Zoom has unveiled AI Companion 3.0, the latest iteration of its workplace assistant, expanding the platform beyond meeting summaries into autonomous workflows, low-code automation, and cross-browser and desktop AI orchestration.
Announced in September, the updated AI Companion integrates multiple generative AI capabilities designed to support employees across various aspects of knowledge work and daily tasks. It offers intelligent assistance, new skill enhancements, a low-code agent builder, and expanded interactive functionalities.
"We're simply trying to adapt to their existing workflows," said Chief Technology Officer Xuedong Huang in an interview with SiliconANGLE. "This is a broader platform that helps people move from conversation to task completion."
By introducing the system through the browser at ai.zoom.us, Huang explained that the AI Companion can now interact with users directly within their everyday digital environments.
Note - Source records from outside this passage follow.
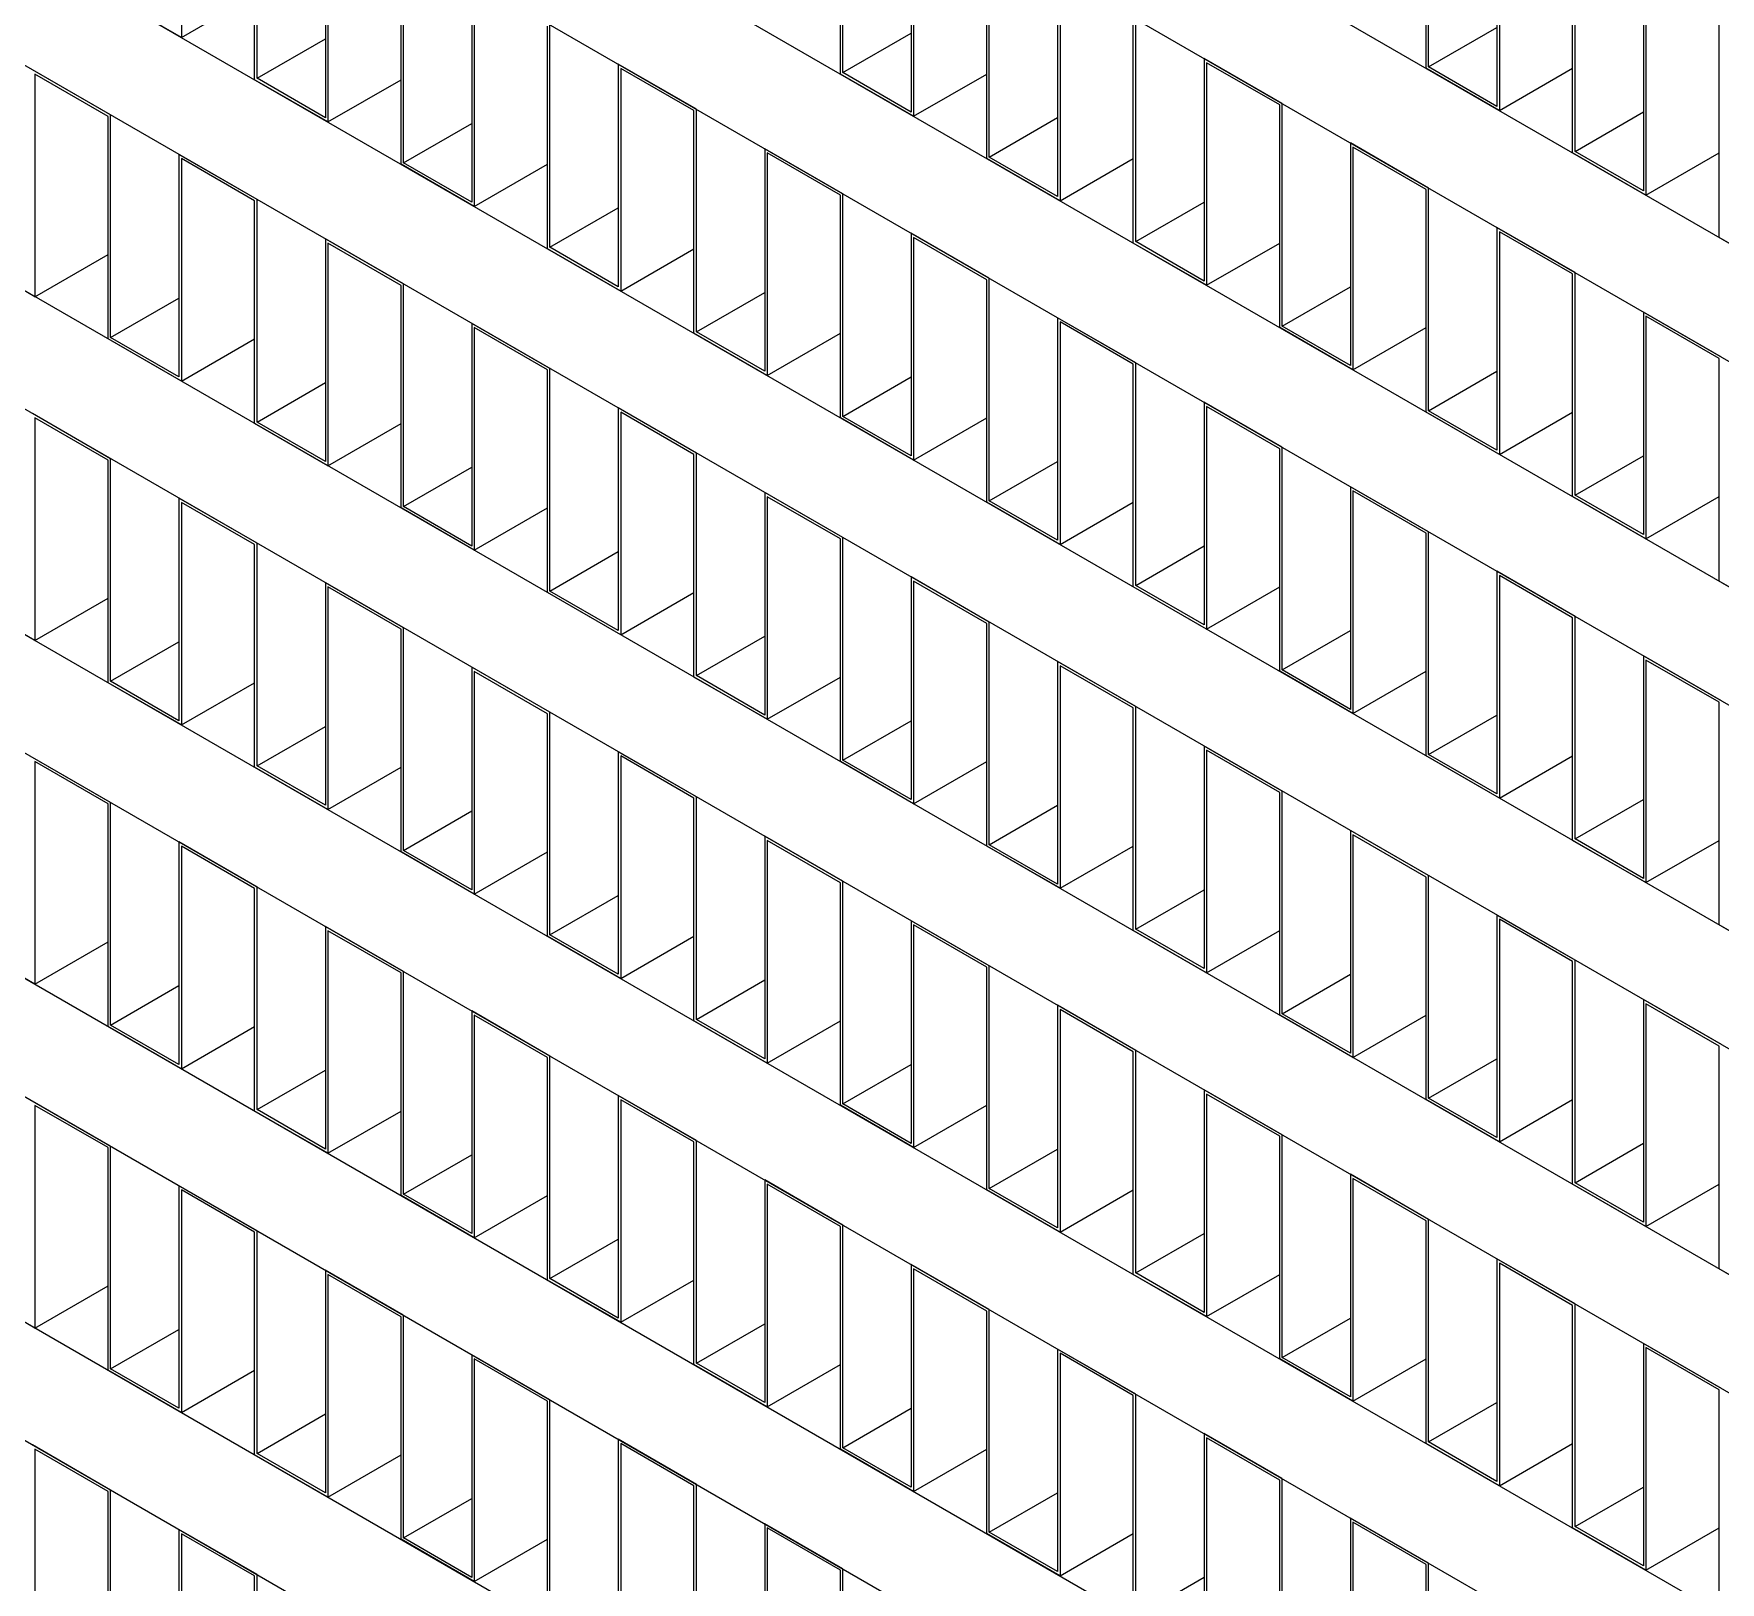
# Model space of a CAD drawing. Header units: millimetres. Extents: x -8604 to -3995, y 3123 to 6155.
# Drawn here: x -6917.17 to -6868.31, y 5007.92 to 5052.79 of the extents above; entities that cross this region are included whole.
import ezdxf

# ---------------------------------------------------------------- set-up
doc = ezdxf.new("R2010")
doc.units = ezdxf.units.MM

msp = doc.modelspace()

# ---------------------------------------------------------------- linework, layer by layer
at = {"color": 7, "linetype": 'Continuous', "lineweight": 25}
for p, q in [((-6930.856, 5082.977), (-6649.428, 4920.512)), ((-6930.856, 5079.547), (-6649.428, 4917.082)), ((-6930.856, 5073.015), (-6650.258, 4911.029)), ((-6930.856, 5069.586), (-6650.173, 4907.551)), ((-6930.856, 5063.053), (-6650.2, 4901.034)), ((-6930.856, 5059.624), (-6652.826, 4899.121)), ((-6912.896, 5059.136), (-6912.896, 5052.685)), ((-6893.733, 5051.666), (-6893.733, 5058.117)), ((-6876.833, 5051.79), (-6876.833, 5058.241)), ((-6876.762, 5051.831), (-6876.762, 5058.282)), ((-6910.774, 5051.46), (-6910.774, 5057.911)), ((-6910.704, 5051.501), (-6910.704, 5057.952)), ((-6893.804, 5051.625), (-6893.804, 5058.076)), ((-6874.782, 5057.139), (-6874.782, 5050.688)), ((-6908.724, 5056.809), (-6908.724, 5050.358)), ((-6908.653, 5056.686), (-6908.653, 5050.236)), ((-6891.753, 5056.974), (-6891.753, 5050.523)), ((-6891.682, 5056.851), (-6891.682, 5050.401)), ((-6874.712, 5057.016), (-6874.712, 5050.566)), ((-6889.49, 5049.217), (-6889.49, 5055.668)), ((-6872.59, 5049.341), (-6872.59, 5055.792)), ((-6872.52, 5049.382), (-6872.52, 5055.832)), ((-6906.532, 5049.011), (-6906.532, 5055.462)), ((-6906.461, 5049.052), (-6906.461, 5055.503)), ((-6889.561, 5049.176), (-6889.561, 5055.627)), ((-6870.54, 5054.689), (-6870.54, 5048.239)), ((-6904.481, 5054.36), (-6904.481, 5047.909)), ((-6904.41, 5054.237), (-6904.41, 5047.786)), ((-6887.51, 5054.525), (-6887.51, 5048.074)), ((-6887.44, 5054.402), (-6887.44, 5047.951)), ((-6870.469, 5054.567), (-6870.469, 5048.116)), ((-6912.896, 5052.685), (-6915.017, 5053.91)), ((-6912.896, 5052.685), (-6910.774, 5053.91)), ((-6885.248, 5046.768), (-6885.248, 5053.218)), ((-6868.348, 5046.892), (-6868.348, 5053.342)), ((-6930.856, 5053.092), (-6656.852, 4894.912)), ((-6902.289, 5046.562), (-6902.289, 5053.013)), ((-6902.218, 5046.603), (-6902.218, 5053.053)), ((-6893.733, 5051.666), (-6891.753, 5052.809)), ((-6885.318, 5046.727), (-6885.318, 5053.177)), ((-6876.762, 5051.831), (-6874.782, 5052.974)), ((-6910.704, 5051.501), (-6908.724, 5052.644)), ((-6900.238, 5051.91), (-6900.238, 5045.46)), ((-6897.976, 5050.604), (-6900.238, 5051.91)), ((-6898.046, 5050.563), (-6900.168, 5051.788)), ((-6900.168, 5051.788), (-6900.168, 5045.337)), ((-6883.268, 5052.075), (-6883.268, 5045.625)), ((-6881.005, 5050.769), (-6883.268, 5052.075)), ((-6881.076, 5050.728), (-6883.197, 5051.953)), ((-6883.197, 5051.953), (-6883.197, 5045.502)), ((-6874.712, 5050.566), (-6876.833, 5051.79)), ((-6874.782, 5050.688), (-6876.762, 5051.831)), ((-6874.712, 5050.566), (-6872.59, 5051.79)), ((-6914.946, 5050.439), (-6917.209, 5051.746)), ((-6915.017, 5050.398), (-6917.138, 5051.623)), ((-6917.138, 5051.623), (-6917.138, 5045.172)), ((-6908.653, 5050.236), (-6910.774, 5051.46)), ((-6908.724, 5050.358), (-6910.704, 5051.501)), ((-6908.653, 5050.236), (-6906.532, 5051.46)), ((-6891.682, 5050.401), (-6893.804, 5051.625)), ((-6891.753, 5050.523), (-6893.733, 5051.666)), ((-6891.682, 5050.401), (-6889.561, 5051.625)), ((-6915.017, 5043.948), (-6915.017, 5050.398)), ((-6914.946, 5043.989), (-6914.946, 5050.439)), ((-6898.046, 5044.113), (-6898.046, 5050.563)), ((-6897.976, 5044.153), (-6897.976, 5050.604)), ((-6889.49, 5049.217), (-6887.51, 5050.36)), ((-6881.076, 5044.278), (-6881.076, 5050.728)), ((-6881.005, 5044.318), (-6881.005, 5050.769)), ((-6872.52, 5049.382), (-6870.54, 5050.525)), ((-6906.461, 5049.052), (-6904.481, 5050.195)), ((-6930.856, 5049.662), (-6656.852, 4891.483)), ((-6895.996, 5049.461), (-6895.996, 5043.011)), ((-6893.733, 5048.155), (-6895.996, 5049.461)), ((-6893.804, 5048.114), (-6895.925, 5049.339)), ((-6895.925, 5049.339), (-6895.925, 5042.888)), ((-6879.025, 5049.626), (-6879.025, 5043.175)), ((-6876.762, 5048.32), (-6879.025, 5049.626)), ((-6876.833, 5048.279), (-6878.954, 5049.504)), ((-6878.954, 5049.504), (-6878.954, 5043.053)), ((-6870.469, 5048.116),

Browser-based AI functionality is becoming an industry standard, and extending access beyond desktop clients opens up greater flexibility and reach.
Behind the scenes, the assistant leverages a blend of AI models—including commercial offerings and Zoom’s own small language models (SLMs)—to interpret user intent, coordinate autonomous actions, and deliver rapid responses. "This collaborative capability, delivering the best experience for our customers, has been two years in the making," Huang noted.
Zoom begins with compact language models, applying reflection and decomposition techniques to personalize responses and understand user goals. When necessary, the backend escalates to larger models like GPT-4 to handle complex operations. The company refers to this as its “unified AI approach,” which enables faster learning, reduced costs, and significantly improved output quality.
The newly launched Zoom AI Companion 3.0 is powered by recent advancements validated through what the company calls the "final exam for humans"—a comprehensive benchmark designed to evaluate advanced reasoning systems. Zoom reported a score of 48.1% using its unified AI method, outperforming state-of-the-art integrated models such as Google LLC's Gemini 3 Pro by 2.3 points, highlighting the advantage of orchestrating multiple models over relying on a single system.
"We truly stand on the shoulders of giants," Huang remarked. "[With] frontier models provided by OpenAI, Google, and others… we can seamlessly deliver this orchestration solution."
Beyond Meetings: Solutions for the Everyday Worker
At its core, Zoom has long been known for connecting people through virtual meetings. The AI Companion embraces this foundational mission while extending it by enabling users to interconnect communication with every facet of knowledge work.
"The top use case remains meeting summarization," Huang stated.
Summarization continues to be the primary usage pattern, followed by customer support automation via Zoom Virtual Agent and sales enablement tools through Zoom Revenue Accelerator. Huang emphasized that all three features are powered by the same underlying AI Companion platform.
As a conversational workspace interface, the AI Companion now includes a new AI portal that provides centralized access to everything—meeting transcripts and notes, actionable insights, and the ability to proactively orchestrate routine tasks through autonomous actions.
Like other AI chatbots, the assistant allows users to ask questions and receive answers. Building upon this, users can activate a "help me write" mode, transforming the copilot into a document generator capable of analyzing meeting records, files, and other assets to draft reports and polished replies.
Leveraging autonomous retrieval, the assistant can locate information across past meetings, Zoom Workplace notes, and connected third-party applications such as Google Drive and Microsoft OneDrive. Integrations with Gmail and Outlook are set to arrive soon.
Documents can be exported in multiple formats, including Markdown, PDF, Microsoft Word, and Zoom Docs. Upcoming functionality will allow employees to bring documents directly into Zoom Docs for further editing and team collaboration—all while maintaining full access to AI Companion features.
Currently in beta, users also have access to a low-code "personal workflow" designer. Its drag-and-drop interface enables users to build state diagrams comprising triggers, actions, and outcomes executed by AI agents.
"It's like autonomous coding—but made accessible to everyone," Huang said.
For instance, users can design an autonomous workflow that captures recordings and notes from any meeting they’re invited to and automatically converts them into contextualized reports, offering a clear overview of key discussions. This provides an easy way to review past meetings or catch up on sessions they couldn’t attend.
AI Companion 3.0 is available today as part of the paid Zoom Workplace license. It's also offered as a standalone product at $10 per user per month, or at $20 per user per month for a "Custom Companion" version integrated with enterprise knowledge sources. Zoom Basic users receive limited free access—currently capped at approximately three meetings per month.